Ogni maestranza aveva la sua sacra figura. Mancavano i braccianti agricoli perché poveri benché numerosi e gli impiegati numericamente inconsistenti.
C’era anche coincidenza tra parrocchia e quartieri abitati dai vari ceti sociali. I massari e i cavaleri infatti risiedevano quasi esclusivamente attorno a San Giovanni, i carrittieri nel quartiere dell’Ecce Homo, i mastri a Santa Maria delle Scale, i pirriaturi ai Cappuccini. Insomma la città era divisa in un ben preciso disegno geopolitico in cui ogni quartiere aveva una ben precisa identità non solo architettonica ma di ceto sociale, di usi, di comportamenti e di modi di vivere e di vestire. Queste identità, nello svolgimento delle attività sociali ed economiche, interagivano tra di loro durante tutto l’arco dell’anno nel modo proprio e particolare dei Ragusani dando vita alla comune identità in cui la città si riconosceva. Si può perciò affermare che la Processione del Venerdì Santo, con la presenza diretta delle varie maestranze, rappresentava, più di altre e, forse, più della stessa festa del patrono – San Giovanni Battista – il rito che sintetizzava questa comune identità. Il rito religioso come sintesi di una identità socio-culturale! La comunità si riuniva e si ritrovava attorno al mistero grande della morte e della resurrezione del Cristo.
I riti cominciavano la Domenica delle Palme. L’Ecce Homo veniva portato a San Giovanni, da dove, celebrata l’ura (un’ora di preghiere), faceva ritorno alla chiesa di provenienza. Il Lunedì Santo toccava al Crocifisso e nei giorni successivi alla Scesa della Croce e alla Pietà. Il Giovedì Santo non c’era processione ma si celebrava il rito della visita ai sepolcri: in ogni chiesa veniva allestito il sepolcro: Cristo in mezzo a tanti fiori e a piatti di grano germogliato dal caratteristico verde chiaro e tenero. Il seme muore per dare nuova vita! Il Venerdì Santo, all’imbrunire, tutte le sacre figure venivano raggruppate dentro la Chiesa Madre, San Giovanni Battista, e si dava inizio alla processione. In testa c’erano i massari col Cristo alla colonna, e, a seguire i carrettieri con l’Ecce Homo, i mastri con il Crocifisso, i pirriaturi con la Scesa della Croce (la più pesante), ancora i mastri con la Pietà, i parrini col Cristo all’urna e chiudevano i cavaleri con l’Addolorata. Le due categorie più importanti, i massari e i cavalieri, aprivano e chiudevano la processione.

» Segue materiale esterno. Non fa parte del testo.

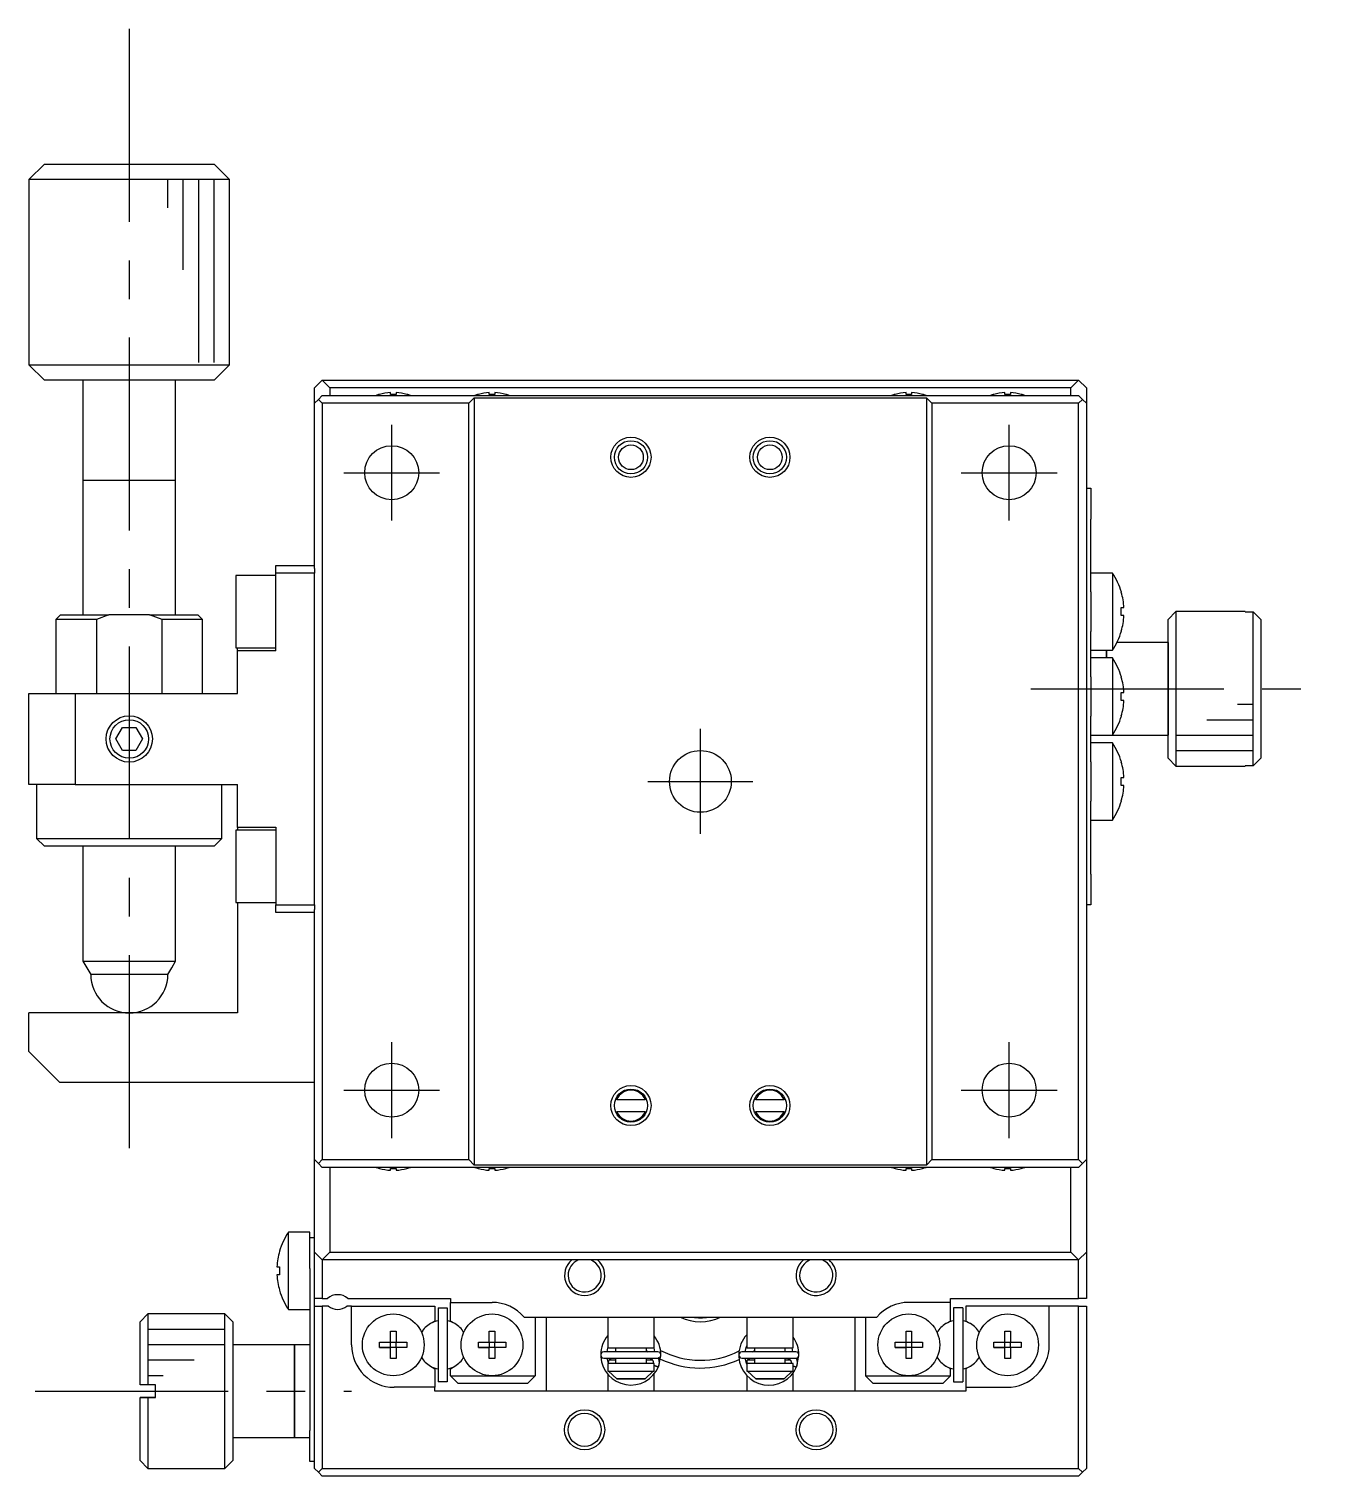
# Model space of a CAD drawing. Extents: x -300 to 278, y 128 to 594.
# Drawn here: x 193.9 to 277.8, y 325.3 to 419 of the extents above; entities that cross this region are included whole.
import ezdxf

# ---------------------------------------------------------------- set-up
doc = ezdxf.new("R2010")
doc.units = 0
doc.header["$LTSCALE"] = 10
doc.linetypes.add('CENTER', pattern=[2, 1.25, -0.25, 0.25, -0.25])
doc.layers.get('0').update_dxf_attribs({"linetype": 'CONTINUOUS'})
doc.layers.add('CENTER', color=1, linetype='CENTER')

msp = doc.modelspace()

# ---------------------------------------------------------------- linework, layer by layer
at = {"color": 7, "linetype": 'CONTINUOUS'}
for p, q in [((194.874906, 410.271178), (193.874906, 409.271178)), ((194.874906, 410.271178), (205.874906, 410.271178)), ((206.874906, 409.271178), (205.874906, 410.271178)), ((206.874906, 409.271178), (193.874906, 409.271178)), ((193.874906, 409.271178), (193.874906, 397.271178)), ((206.874906, 397.271178), (206.874906, 409.271178)), ((193.874906, 397.271178), (193.875172, 397.271178)), ((193.874906, 397.271178), (194.874906, 396.271178)), ((193.875172, 397.271178), (206.874906, 397.271178)), ((205.874906, 396.271178), (206.874906, 397.271178)), ((205.874906, 396.271178), (194.875131, 396.271178)), ((197.374906, 396.271178), (197.374906, 389.771178)), ((203.374906, 389.771178), (203.374906, 396.271178)), ((212.874906, 396.271178), (212.374906, 395.771178)), ((212.374906, 394.771178), (212.374906, 395.771178)), ((213.374906, 395.771178), (212.874906, 396.271178)), ((212.874906, 396.271178), (261.874906, 396.271178)), ((261.374906, 395.771178), (213.374906, 395.771178)), ((213.374906, 395.771178), (213.374906, 395.271178)), ((261.874906, 396.271178), (261.374906, 395.771178)), ((261.374906, 395.271178), (261.374906, 395.771178)), ((262.374906, 395.771178), (261.874906, 396.271178)), ((262.374906, 395.771178), (262.374906, 394.771178)), ((212.624906, 395.021178), (212.374906, 394.771178)), ((212.374906, 384.071178), (212.374906, 394.771178)), ((212.874906, 395.271178), (212.624906, 395.021178)), ((212.624906, 395.021178), (212.874906, 394.771178)), ((212.874906, 395.271178), (261.874906, 395.271178)), ((212.874906, 394.771178), (212.874906, 345.771178)), ((222.374906, 394.771178), (212.874906, 394.771178)), ((216.588544, 395.340699), (216.58629, 395.345322)), ((217.294906, 395.340699), (217.294906, 395.461037)), ((217.654906, 395.340699), (217.294906, 395.340699)), ((217.654906, 395.461037), (217.654906, 395.340699)), ((218.363522, 395.345322), (218.361267, 395.340699)), ((222.374906, 394.771178), (222.724906, 395.121178)), ((222.374906, 345.771178), (222.374906, 394.771178)), ((222.724906, 395.121178), (252.024906, 395.121178)), ((222.724906, 395.121178), (222.724906, 345.421178)), ((222.988544, 395.340699), (222.98629, 395.345322)), ((223.694906, 395.340699), (223.694906, 395.461037)), ((224.054906, 395.340699), (223.694906, 395.340699)), ((224.054906, 395.461037), (224.054906, 395.340699)), ((224.763522, 395.345322), (224.761267, 395.340699)), ((249.988544, 395.340699), (249.98629, 395.345322)), ((250.694906, 395.340699), (250.694906, 395.461037)), ((251.054906, 395.340699), (250.694906, 395.340699)), ((251.054906, 395.461037), (251.054906, 395.340699)), ((251.763522, 395.345322), (251.761267, 395.340699)), ((252.024906, 395.121178), (252.374906, 394.771178)), ((252.024906, 395.121178), (252.024906, 345.421178)), ((261.874906, 394.771178), (252.374906, 394.771178)), ((252.374906, 394.771178), (252.374906, 345.771178)), ((256.388544, 395.340699), (256.38629, 395.345322)), ((257.094906, 395.340699), (257.094906, 395.461037)), ((257.454906, 395.340699), (257.094906, 395.340699)), ((257.454906, 395.461037), (257.454906, 395.340699)), ((258.163522, 395.345322), (258.161267, 395.340699)), ((262.124906, 395.021178), (261.874906, 395.271178)), ((261.874906, 394.771178), (262.124906, 395.021178)), ((261.874906, 345.771178), (261.874906, 394.771178)), ((262.374906, 394.771178), (262.124906, 395.021178)), ((262.374906, 394.771178), (262.374906, 345.771178)), ((203.374911, 389.771178), (197.374901, 389.771178)), ((197.374906, 389.776178), (197.374906, 389.771178)), ((197.374906, 389.771178), (197.374906, 389.766178)), ((197.374906, 389.771178), (197.374906, 381.071197)), ((203.374906, 389.771178), (203.374906, 389.776178)), ((203.374906, 389.766178), (203.374906, 389.771178)), ((203.374906, 381.071197), (203.374906, 389.771178)), ((262.374906, 389.271178), (262.674906, 389.271178)), ((262.674906, 389.271178), (262.674906, 387.271178)), ((262.674906, 382.546913), (262.674906, 387.271178)), ((207.274906, 383.621178), (207.274906, 378.921178)), ((209.874906, 383.621178), (207.274906, 383.621178)), ((209.874906, 384.271178), (212.374906, 384.271178)), ((209.874906, 383.771178), (209.874906, 384.271178)), ((209.874906, 378.72365), (209.874906, 383.771178)), ((212.374906, 383.771178), (209.874906, 383.771178)), ((212.374906, 384.071178), (212.374906, 383.771178)), ((212.374906, 362.271178), (212.374906, 383.771178)), ((264.066563, 383.771178), (262.674906, 383.771178)), ((264.066563, 383.771178), (264.066563, 381.271178)), ((262.674906, 382.546913), (262.674906, 381.271178)), ((264.637486, 382.529767), (264.644342, 382.533111)), ((195.924906, 381.071178), (195.624906, 380.771178)), ((198.253585, 380.771178), (195.624906, 380.771178)), ((195.624906, 380.771178), (195.624906, 375.971178)), ((195.924906, 381.071178), (199.055815, 381.071178)), ((195.924906, 381.071178), (197.374906, 381.071178)), ((199.055815, 381.071178), (198.253585, 380.771178)), ((198.253585, 380.771178), (198.253585, 375.971178)), ((201.693996, 381.071178), (199.055815, 381.071178)), ((201.693996, 381.071178), (204.824906, 381.071178)), ((202.496226, 380.771178), (201.693996, 381.071178)), ((205.124906, 380.771178), (202.496226, 380.771178)), ((202.496226, 375.971178), (202.496226, 380.771178)), ((203.374906, 381.071178), (204.824906, 381.071178)), ((205.124906, 380.771178), (204.824906, 381.071178)), ((205.124906, 375.971178), (205.124906, 380.771178)), ((262.674906, 381.271178), (262.674906, 379.995443)), ((264.066563, 381.271178), (264.066563, 378.771178)), ((264.637486, 381.531178), (264.809858, 381.531178)), ((264.637486, 381.011178), (264.637486, 381.531178)), ((264.809858, 381.011178), (264.637486, 381.011178)), ((268.174906, 381.271178), (267.674906, 380.771178)), ((267.674906, 379.271178), (267.674906, 380.771178)), ((267.674906, 371.771178), (267.674906, 380.771178)), ((268.174906, 381.271178), (268.174906, 371.271178)), ((272.674906, 381.271178), (268.174906, 381.271178)), ((272.674906, 381.271178), (272.674906, 381.255152)), ((272.674906, 381.255152), (273.174906, 381.255152)), ((273.174906, 371.287203), (273.174906, 381.255152)), ((273.174906, 381.255152), (273.674906, 380.753365)), ((273.674906, 380.753365), (273.674906, 371.788991)), ((262.674906, 377.046913), (262.674906, 379.995443)), ((264.644342, 380.009245), (264.637486, 380.012588)), ((207.274906, 378.921178), (209.874906, 378.921178)), ((207.374906, 378.753022), (207.374906, 378.921178)), ((207.374906, 378.753022), (209.874906, 378.753022)), ((207.374906, 378.72365), (207.374906, 378.753022)), ((262.674906, 378.771178), (264.066563, 378.771178)), ((263.674906, 378.271178), (263.674906, 378.771178)), ((263.674906, 378.771178), (263.674906, 378.271178)), ((267.674906, 379.271178), (264.356035, 379.271178)), ((267.674906, 373.271178), (267.674906, 379.271178)), ((267.674906, 379.271178), (267.674906, 373.271178)), ((207.374906, 375.971178), (207.374906, 378.72365)), ((209.874906, 378.72365), (207.374906, 378.72365)), ((264.066563, 378.271178), (262.674906, 378.271178)), ((264.066563, 378.271178), (264.066563, 375.771178)), ((262.674906, 377.046913), (262.674906, 375.771178)), ((264.637487, 377.029767), (264.644342, 377.033111)), ((193.874906, 370.071178), (193.874906, 375.971178)), ((193.874906, 375.971178), (196.874906, 375.971178)), ((196.874906, 375.971178), (196.874906, 370.071178)), ((196.874906, 375.971178), (207.374906, 375.971178)), ((264.637487, 376.031178), (264.809858, 376.031178)), ((264.637487, 375.511178), (264.637487, 376.031178)), ((262.674906, 375.771178), (262.674906, 374.495443)), ((264.066563, 375.771178), (264.066563, 373.271178)), ((264.809858, 375.511178), (264.637487, 375.511178)), ((262.674906, 371.546913), (262.674906, 374.495443)), ((264.644342, 374.509245), (264.637487, 374.512588)), ((199.50888, 373.021178), (199.941893, 373.771178)), ((199.941893, 373.771178), (200.807918, 373.771178)), ((200.807918, 373.771178), (201.240931, 373.021178)), ((262.674906, 373.271178), (264.066563, 373.271178)), ((264.066563, 373.271178), (267.674906, 373.271178)), ((267.674906, 371.771178), (267.674906, 373.271178)), ((199.941893, 372.271178), (199.50888, 373.021178)), ((200.807918, 372.271178), (199.941893, 372.271178)), ((201.240931, 373.021178), (200.807918, 372.271178)), ((264.066563, 372.771178), (262.674906, 372.771178)), ((264.066563, 372.771178), (264.066563, 370.271178)), ((262.674906, 371.546913), (262.674906, 370.271178)), ((264.637487, 371.529767), (264.644342, 371.533111)), ((267.674906, 371.771178), (268.174906, 371.271178)), ((268.174906, 371.271178), (272.674906, 371.271178)), ((272.674906, 371.287203), (272.674906, 371.271178)), ((273.174906, 371.287203), (272.674906, 371.287203)), ((273.674906, 371.788991), (273.174906, 371.287203)), ((264.637487, 370.531178), (264.809858, 370.531178)), ((264.637487, 370.011178), (264.637487, 370.531178)), ((196.874906, 370.071178), (193.874906, 370.071178)), ((194.374906, 370.071178), (194.374906, 366.571178)), ((196.874906, 370.071178), (207.374906, 370.071178)), ((206.374906, 366.571178), (206.374906, 370.071178)), ((207.374906, 367.318706), (207.374906, 370.071178)), ((262.674906, 370.271178), (262.674906, 368.995443)), ((264.066563, 370.271178), (264.066563, 367.771178)), ((264.809858, 370.011178), (264.637487, 370.011178)), ((262.674906, 364.271178), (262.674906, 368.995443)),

Perché i mastri avevano due statue? All’inizio la statua della Pietà non c’era e i mastri avevano solo il Crocifisso. Ma, alla fine degli anni venti del 1900, alcuni di essi acquisirono un maggiore benessere per cui rivendicarono il diritto di seguire, nella processione i pirriaturi in quanto stare più vicino ai cavaleri dava più prestigio. Ma poteva la Scesa della Croce precedere in processione il Crocifisso, poteva il Cristo, prima essere sceso dalla croce e poi rimesso in croce? La storia andò avanti per qualche anno finché i più “mafiosi” dei mastri non misero in atto la provocazione: smontarono il Cristo dalla Croce, coprirono il tutto con un lenzuolo e mandarono la statua in cattedrale. Il Parroco, che era uomo saggio, non rispose d’imperio: la cosa avrebbe sicuramente provocato dei tafferugli. Chiamò i provocatori e li sfidò sullo stesso terreno: se era vero che maggior prestigio avevano acquisito occorreva che lo dimostrassero con i fatti, nella fattispecie con la raccolta dei fondi necessari per realizzare una nuova statua, la Pietà, che appunto poteva seguire, in processione, la Scesa della Croce dei pirriaturi. Fu così che i mastri e la parrocchia di Santa Maria delle Scale ebbero due sacre figure.
Il senso della processione di ieri, del “come eravamo”, si può percepire meglio se diamo uno sguardo al “come siamo”.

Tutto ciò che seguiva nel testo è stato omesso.